Reibmodell

Entwicklung eines Reibmodells zur Beschreibung der tribologischen Verhältnisse in der Kaltmassivumformung bei strukturierten Halbzeugoberflächen

 

Problemstellung

Umfangreiche Prozesssimulationen in der Umformtechnik kristallisieren sich mehr und mehr als Faktor für erfolgreiche Werkzeug- und Prozessplanung in Unternehmen der Kaltmassivumformung heraus. Der steigende Kostendruck verlangt nach schnellen, aussagekräftigen Simulationen, die die Anzahl an Realversuchen minimieren und somit Prozessauslegungen an kritischen Stellen im Produktionsprozess vereinfachen.

Zudem besteht Bedarf an alternativen Schmierstoffsystemen, die es in Zukunft ermöglichen sollen, gebräuchliche Tribosysteme zu ergänzen. Die heute erfolgreich eingesetzten Bonderverfahren zeichnen sich neben ihren guten Schmierungseigenschaften unter hohen Drücken durch schlechte Umweltverträglichkeit sowie hohen Reinigungsaufwand vor nachfolgenden Bearbeitungsschritten aus.
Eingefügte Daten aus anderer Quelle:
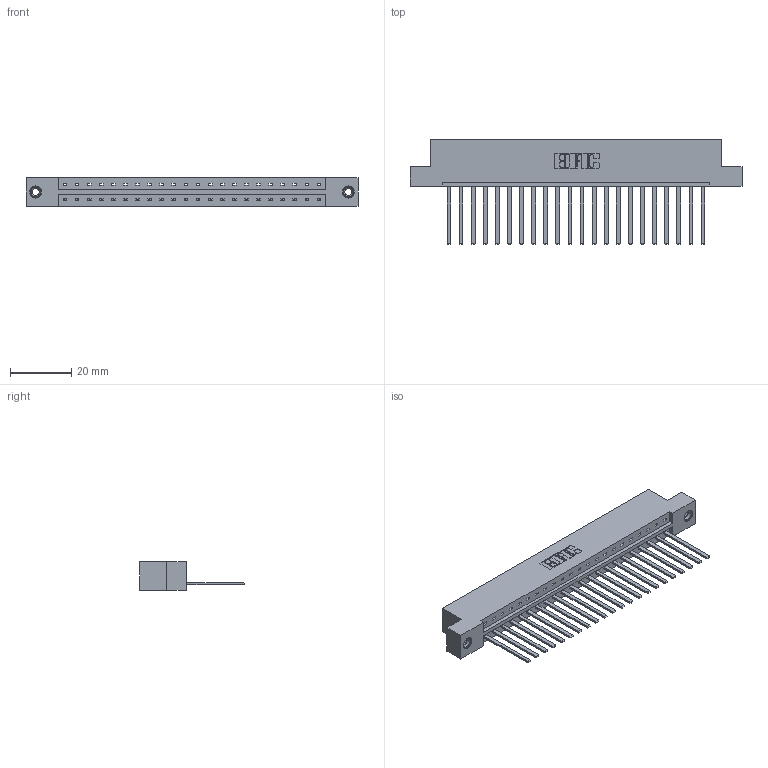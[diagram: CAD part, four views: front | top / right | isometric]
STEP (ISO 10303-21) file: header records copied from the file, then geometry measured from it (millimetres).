
FILE_DESCRIPTION (( 'STEP AP203' ), '1' );
FILE_NAME ('833-022-544-108.STEP', '2020-06-01T17:33:14', ( '' ), ( '' ), 'SwSTEP 2.0', 'SolidWorks 2020', '' );
FILE_SCHEMA (( 'CONFIG_CONTROL_DESIGN' ));
Length unit declared in the file: inch
Products named in the file (4): 345-292-001_345-293-144; 833-022-544-108; 345-250-001_345-250-003-102; 833 Part_Flush - .156 Dia - TI
Assembly tree (25 placements, depth 2):
  833-022-544-108
    833 Part_Flush - .156 Dia - TI
    345-292-001_345-293-144  x22
    345-250-001_345-250-003-102  x2
Bounding box: 108.71 x 34.3 x 9.4 mm (x, y, z)
Volume: 11015.8 mm3; surface area: 12642.3 mm2
Topology: 25 solids, 25 shells, 1318 faces, 3923 edges, 2578 vertices
Faces by surface type: plane 938, cylinder 364, cone 12, torus 4
Entity records: 17038 total; most frequent: CARTESIAN_POINT 2923, ORIENTED_EDGE 2874, DIRECTION 2535, EDGE_CURVE 1437, VECTOR 1293, LINE 1293, VERTEX_POINT 952, AXIS2_PLACEMENT_3D 621

Moderne FE-Systeme bieten für die Massivumformung weit entwickelte Modellierungs- und Berechnungsalgorithmen. Den komplexen Vorgängen im Tribosystem wird aufgrund der einfachen Reibmodelle nur unzureichend Rechnung getragen. In [Abbildung 1] sind die heute häufig implementierten Reibmodelle nach Coulomb sowie das Reibfaktorgesetz abgebildet.

Die Effekte der lokal auftretenden, starken Oberflächenveränderungen durch Einebnung und Reibung, die während der Kaltmassivumformung auftreten, können diese Modelle nicht abbilden. Eine lokale Vernetzung der Werkstückoberfläche mit hinreichend engen Elementstrukturen könnte die Auswirkungen der Strukturierungen am Werkstück erfassen. Jedoch sprengen die dafür notwendigen Rechenoperationen bei weitem die aktuellen Rechnerleistungen.

Abbildung 1: Reibmodelle
Abbildung 1: Reibmodelle

Zielsetzung

Im Rahmen eines DFG-Projektes wird ein halbempirisches Reibmodell entwickelt, das den aktuellen Anforderungen aus der Kaltmassivumformung gerecht wird. Neue Ansätze, wie die Reduktion von Prozesskräften durch gezielte Oberflächenstrukturierung zur Ausbildung von hydrostatischen und dynamischen Schmierstofftaschen werden integriert. Dieses Reibmodell kann in FE-Entwicklungsumgebungen implementiert werden. Während der Entwicklungsphase soll das Reibmodell in der Software MSC-Superform getestet werden.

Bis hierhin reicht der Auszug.